**Description of the task**
Leave every picture out and give back the lines below from the first through the line that holds "Cons Tension : Inport", exactly as written.

Items from a dataset:
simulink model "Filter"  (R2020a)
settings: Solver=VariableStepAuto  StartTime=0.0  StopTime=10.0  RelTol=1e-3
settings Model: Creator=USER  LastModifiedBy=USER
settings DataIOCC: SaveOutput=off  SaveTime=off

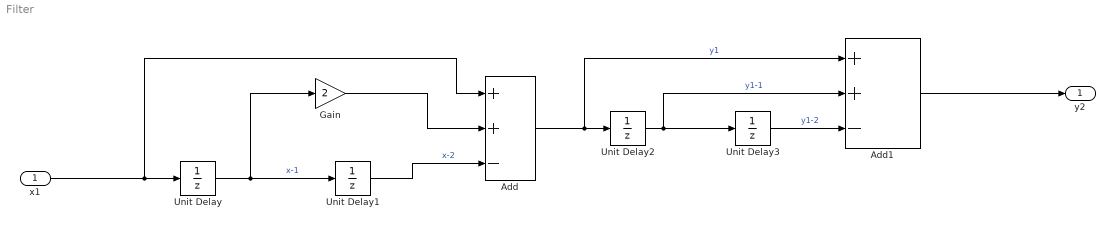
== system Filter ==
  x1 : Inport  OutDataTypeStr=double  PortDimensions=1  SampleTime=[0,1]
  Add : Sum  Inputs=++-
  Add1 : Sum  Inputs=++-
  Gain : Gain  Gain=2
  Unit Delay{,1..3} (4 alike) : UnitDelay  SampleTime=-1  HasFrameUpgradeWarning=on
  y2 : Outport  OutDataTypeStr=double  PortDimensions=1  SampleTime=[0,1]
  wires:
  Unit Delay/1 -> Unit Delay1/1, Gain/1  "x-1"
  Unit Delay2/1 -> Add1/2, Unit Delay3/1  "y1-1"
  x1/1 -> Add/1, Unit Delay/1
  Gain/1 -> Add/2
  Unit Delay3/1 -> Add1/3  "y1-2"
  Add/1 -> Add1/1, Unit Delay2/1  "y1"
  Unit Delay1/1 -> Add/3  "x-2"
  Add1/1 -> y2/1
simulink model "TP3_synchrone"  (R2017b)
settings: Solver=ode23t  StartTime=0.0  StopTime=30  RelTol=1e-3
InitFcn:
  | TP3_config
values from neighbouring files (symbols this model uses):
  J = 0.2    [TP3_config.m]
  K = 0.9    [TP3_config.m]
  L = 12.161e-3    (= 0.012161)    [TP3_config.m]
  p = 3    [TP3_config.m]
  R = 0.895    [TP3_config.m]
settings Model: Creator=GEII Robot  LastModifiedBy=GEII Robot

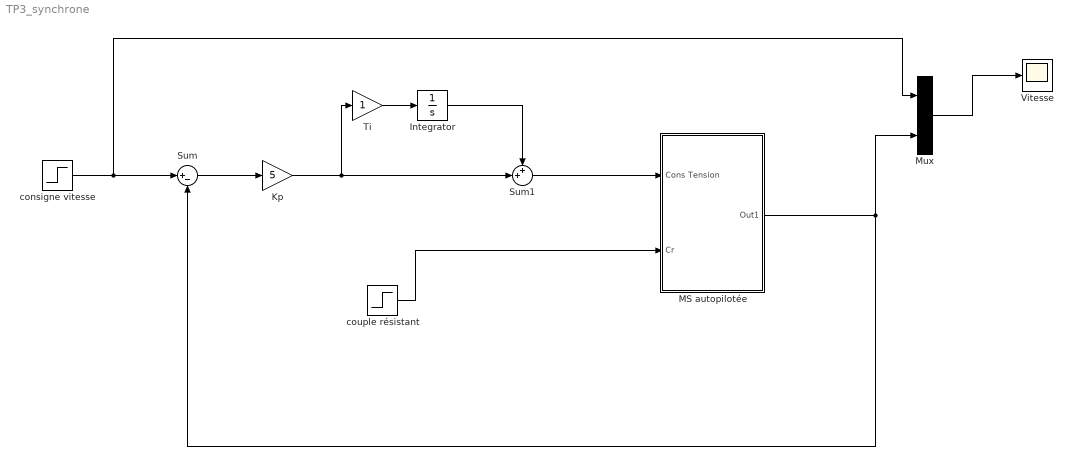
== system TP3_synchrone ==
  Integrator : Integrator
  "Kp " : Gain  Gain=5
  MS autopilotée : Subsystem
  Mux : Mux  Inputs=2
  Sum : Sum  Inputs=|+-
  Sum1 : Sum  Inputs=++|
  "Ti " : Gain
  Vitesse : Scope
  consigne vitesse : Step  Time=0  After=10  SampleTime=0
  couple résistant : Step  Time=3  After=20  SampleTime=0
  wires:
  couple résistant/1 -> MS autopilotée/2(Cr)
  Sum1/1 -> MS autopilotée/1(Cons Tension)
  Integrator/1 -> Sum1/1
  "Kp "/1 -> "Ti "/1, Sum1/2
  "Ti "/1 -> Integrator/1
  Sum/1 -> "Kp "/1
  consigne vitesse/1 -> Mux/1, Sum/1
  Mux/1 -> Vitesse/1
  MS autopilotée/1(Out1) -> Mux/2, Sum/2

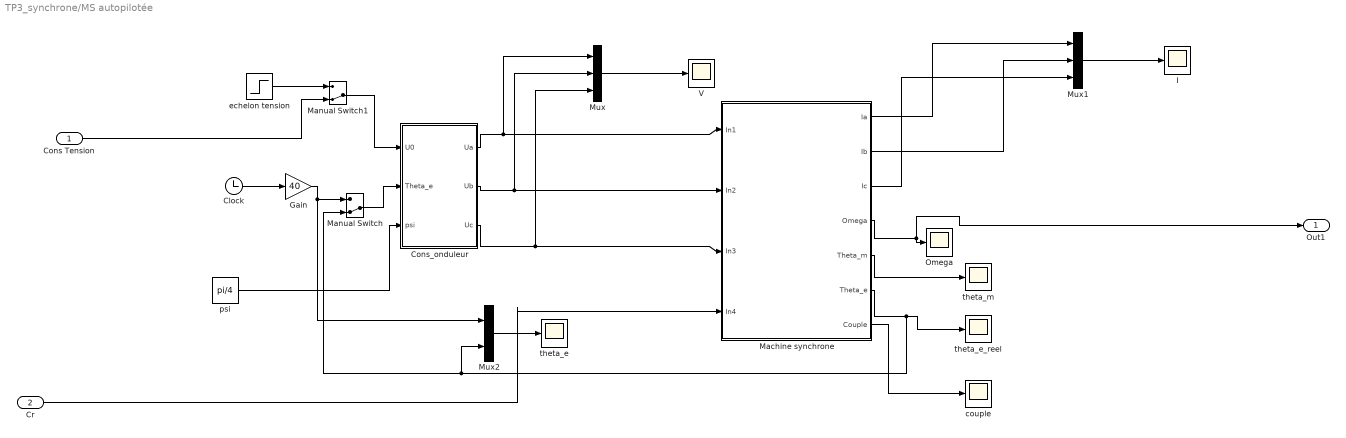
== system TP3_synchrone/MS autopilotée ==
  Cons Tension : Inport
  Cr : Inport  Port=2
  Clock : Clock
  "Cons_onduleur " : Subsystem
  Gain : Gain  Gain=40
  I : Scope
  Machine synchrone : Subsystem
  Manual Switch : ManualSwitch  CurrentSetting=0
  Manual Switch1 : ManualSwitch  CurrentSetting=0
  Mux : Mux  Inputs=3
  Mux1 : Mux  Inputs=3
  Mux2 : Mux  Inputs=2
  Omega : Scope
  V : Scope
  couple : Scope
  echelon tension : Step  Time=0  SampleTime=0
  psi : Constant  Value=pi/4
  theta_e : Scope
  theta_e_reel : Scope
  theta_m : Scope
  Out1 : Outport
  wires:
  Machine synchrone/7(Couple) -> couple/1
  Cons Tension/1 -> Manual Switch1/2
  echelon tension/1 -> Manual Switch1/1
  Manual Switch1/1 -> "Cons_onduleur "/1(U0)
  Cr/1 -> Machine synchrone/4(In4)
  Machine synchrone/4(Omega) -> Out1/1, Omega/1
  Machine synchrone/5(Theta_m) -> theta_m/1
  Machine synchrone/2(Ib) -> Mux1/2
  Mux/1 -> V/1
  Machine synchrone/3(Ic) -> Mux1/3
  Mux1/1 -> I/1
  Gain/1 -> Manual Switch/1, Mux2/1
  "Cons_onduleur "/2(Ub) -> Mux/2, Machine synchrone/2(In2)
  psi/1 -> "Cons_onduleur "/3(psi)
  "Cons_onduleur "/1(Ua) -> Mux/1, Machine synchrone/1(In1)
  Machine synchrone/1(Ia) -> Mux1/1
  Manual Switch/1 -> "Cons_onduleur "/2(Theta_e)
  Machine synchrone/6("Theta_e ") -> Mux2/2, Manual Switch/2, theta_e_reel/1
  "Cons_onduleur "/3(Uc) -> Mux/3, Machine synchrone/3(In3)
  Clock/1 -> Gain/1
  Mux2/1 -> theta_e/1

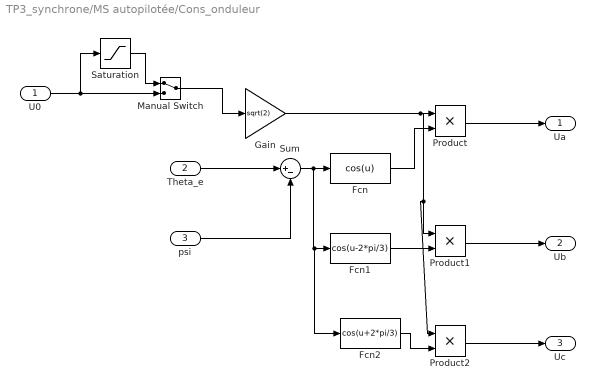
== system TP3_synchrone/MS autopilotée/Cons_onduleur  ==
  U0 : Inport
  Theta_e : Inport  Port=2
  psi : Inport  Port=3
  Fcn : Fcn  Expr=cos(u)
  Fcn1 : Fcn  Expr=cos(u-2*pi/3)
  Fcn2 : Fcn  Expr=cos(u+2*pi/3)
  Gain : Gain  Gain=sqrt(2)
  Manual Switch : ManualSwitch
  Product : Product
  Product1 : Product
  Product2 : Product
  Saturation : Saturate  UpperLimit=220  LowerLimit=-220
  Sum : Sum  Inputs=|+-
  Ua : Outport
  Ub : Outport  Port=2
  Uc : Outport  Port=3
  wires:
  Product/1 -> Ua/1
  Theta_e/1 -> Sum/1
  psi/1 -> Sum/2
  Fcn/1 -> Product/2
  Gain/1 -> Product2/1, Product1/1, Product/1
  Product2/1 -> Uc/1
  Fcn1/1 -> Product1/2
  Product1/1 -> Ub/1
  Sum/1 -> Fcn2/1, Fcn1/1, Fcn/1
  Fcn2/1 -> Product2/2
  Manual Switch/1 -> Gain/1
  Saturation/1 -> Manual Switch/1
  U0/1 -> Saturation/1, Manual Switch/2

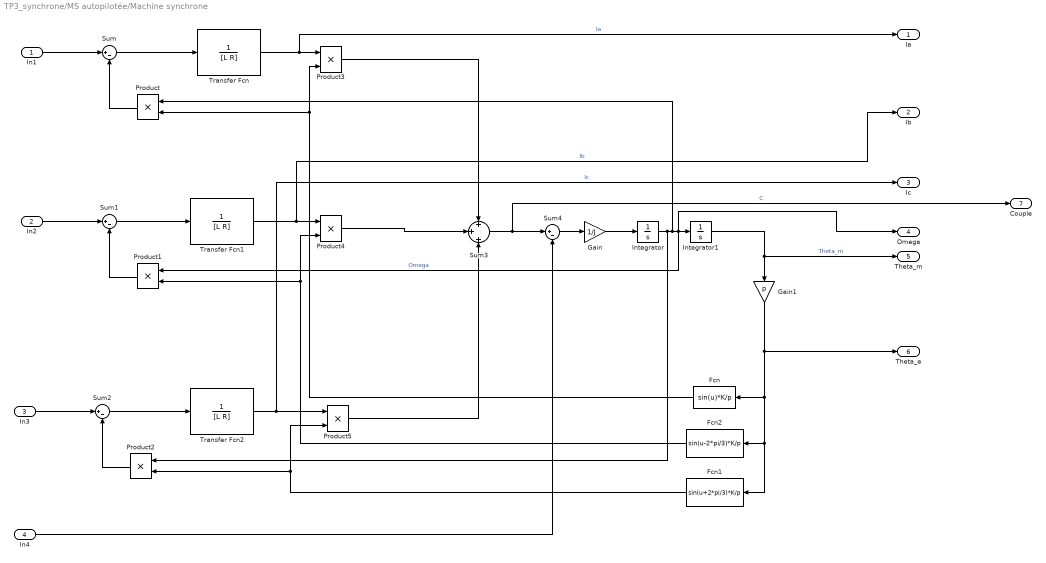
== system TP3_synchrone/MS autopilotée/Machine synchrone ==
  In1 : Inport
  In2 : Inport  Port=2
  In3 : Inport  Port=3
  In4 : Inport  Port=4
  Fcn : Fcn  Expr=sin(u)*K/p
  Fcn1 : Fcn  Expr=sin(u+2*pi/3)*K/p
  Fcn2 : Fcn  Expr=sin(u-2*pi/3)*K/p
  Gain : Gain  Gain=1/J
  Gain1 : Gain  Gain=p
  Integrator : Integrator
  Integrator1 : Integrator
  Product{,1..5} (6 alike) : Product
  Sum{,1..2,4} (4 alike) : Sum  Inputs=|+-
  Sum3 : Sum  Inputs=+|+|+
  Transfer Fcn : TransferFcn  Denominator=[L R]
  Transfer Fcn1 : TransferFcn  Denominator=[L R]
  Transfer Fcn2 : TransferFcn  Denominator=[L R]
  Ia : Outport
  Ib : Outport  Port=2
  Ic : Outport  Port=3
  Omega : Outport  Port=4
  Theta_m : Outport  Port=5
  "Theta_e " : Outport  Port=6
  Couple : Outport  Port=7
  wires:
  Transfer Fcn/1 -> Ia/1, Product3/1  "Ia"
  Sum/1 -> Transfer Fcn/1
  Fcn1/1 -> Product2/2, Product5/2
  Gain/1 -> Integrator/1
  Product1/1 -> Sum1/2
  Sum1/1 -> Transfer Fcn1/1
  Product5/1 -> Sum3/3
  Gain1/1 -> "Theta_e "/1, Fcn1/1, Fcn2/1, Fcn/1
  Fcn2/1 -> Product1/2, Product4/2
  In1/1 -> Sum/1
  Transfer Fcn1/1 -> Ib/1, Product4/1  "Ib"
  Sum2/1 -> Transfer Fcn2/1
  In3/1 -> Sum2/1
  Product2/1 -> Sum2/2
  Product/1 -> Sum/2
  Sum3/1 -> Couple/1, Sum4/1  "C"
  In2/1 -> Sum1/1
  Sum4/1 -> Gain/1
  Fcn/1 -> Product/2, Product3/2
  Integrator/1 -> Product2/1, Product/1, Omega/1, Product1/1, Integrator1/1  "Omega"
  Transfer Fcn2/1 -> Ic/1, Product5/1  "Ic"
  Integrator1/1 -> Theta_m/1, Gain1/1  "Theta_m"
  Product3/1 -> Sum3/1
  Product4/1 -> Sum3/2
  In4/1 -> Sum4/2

**Exercise result**
simulink model "Filter"  (R2020a)
settings: Solver=VariableStepAuto  StartTime=0.0  StopTime=10.0  RelTol=1e-3
settings Model: Creator=USER  LastModifiedBy=USER
settings DataIOCC: SaveOutput=off  SaveTime=off

== system Filter ==
  x1 : Inport  OutDataTypeStr=double  PortDimensions=1  SampleTime=[0,1]
  Add : Sum  Inputs=++-
  Add1 : Sum  Inputs=++-
  Gain : Gain  Gain=2
  Unit Delay{,1..3} (4 alike) : UnitDelay  SampleTime=-1  HasFrameUpgradeWarning=on
  y2 : Outport  OutDataTypeStr=double  PortDimensions=1  SampleTime=[0,1]
  wires:
  Unit Delay/1 -> Unit Delay1/1, Gain/1  "x-1"
  Unit Delay2/1 -> Add1/2, Unit Delay3/1  "y1-1"
  x1/1 -> Add/1, Unit Delay/1
  Gain/1 -> Add/2
  Unit Delay3/1 -> Add1/3  "y1-2"
  Add/1 -> Add1/1, Unit Delay2/1  "y1"
  Unit Delay1/1 -> Add/3  "x-2"
  Add1/1 -> y2/1
simulink model "TP3_synchrone"  (R2017b)
settings: Solver=ode23t  StartTime=0.0  StopTime=30  RelTol=1e-3
InitFcn:
  | TP3_config
values from neighbouring files (symbols this model uses):
  J = 0.2    [TP3_config.m]
  K = 0.9    [TP3_config.m]
  L = 12.161e-3    (= 0.012161)    [TP3_config.m]
  p = 3    [TP3_config.m]
  R = 0.895    [TP3_config.m]
settings Model: Creator=GEII Robot  LastModifiedBy=GEII Robot

== system TP3_synchrone ==
  Integrator : Integrator
  "Kp " : Gain  Gain=5
  MS autopilotée : Subsystem
  Mux : Mux  Inputs=2
  Sum : Sum  Inputs=|+-
  Sum1 : Sum  Inputs=++|
  "Ti " : Gain
  Vitesse : Scope
  consigne vitesse : Step  Time=0  After=10  SampleTime=0
  couple résistant : Step  Time=3  After=20  SampleTime=0
  wires:
  couple résistant/1 -> MS autopilotée/2(Cr)
  Sum1/1 -> MS autopilotée/1(Cons Tension)
  Integrator/1 -> Sum1/1
  "Kp "/1 -> "Ti "/1, Sum1/2
  "Ti "/1 -> Integrator/1
  Sum/1 -> "Kp "/1
  consigne vitesse/1 -> Mux/1, Sum/1
  Mux/1 -> Vitesse/1
  MS autopilotée/1(Out1) -> Mux/2, Sum/2

== system TP3_synchrone/MS autopilotée ==
  Cons Tension : Inport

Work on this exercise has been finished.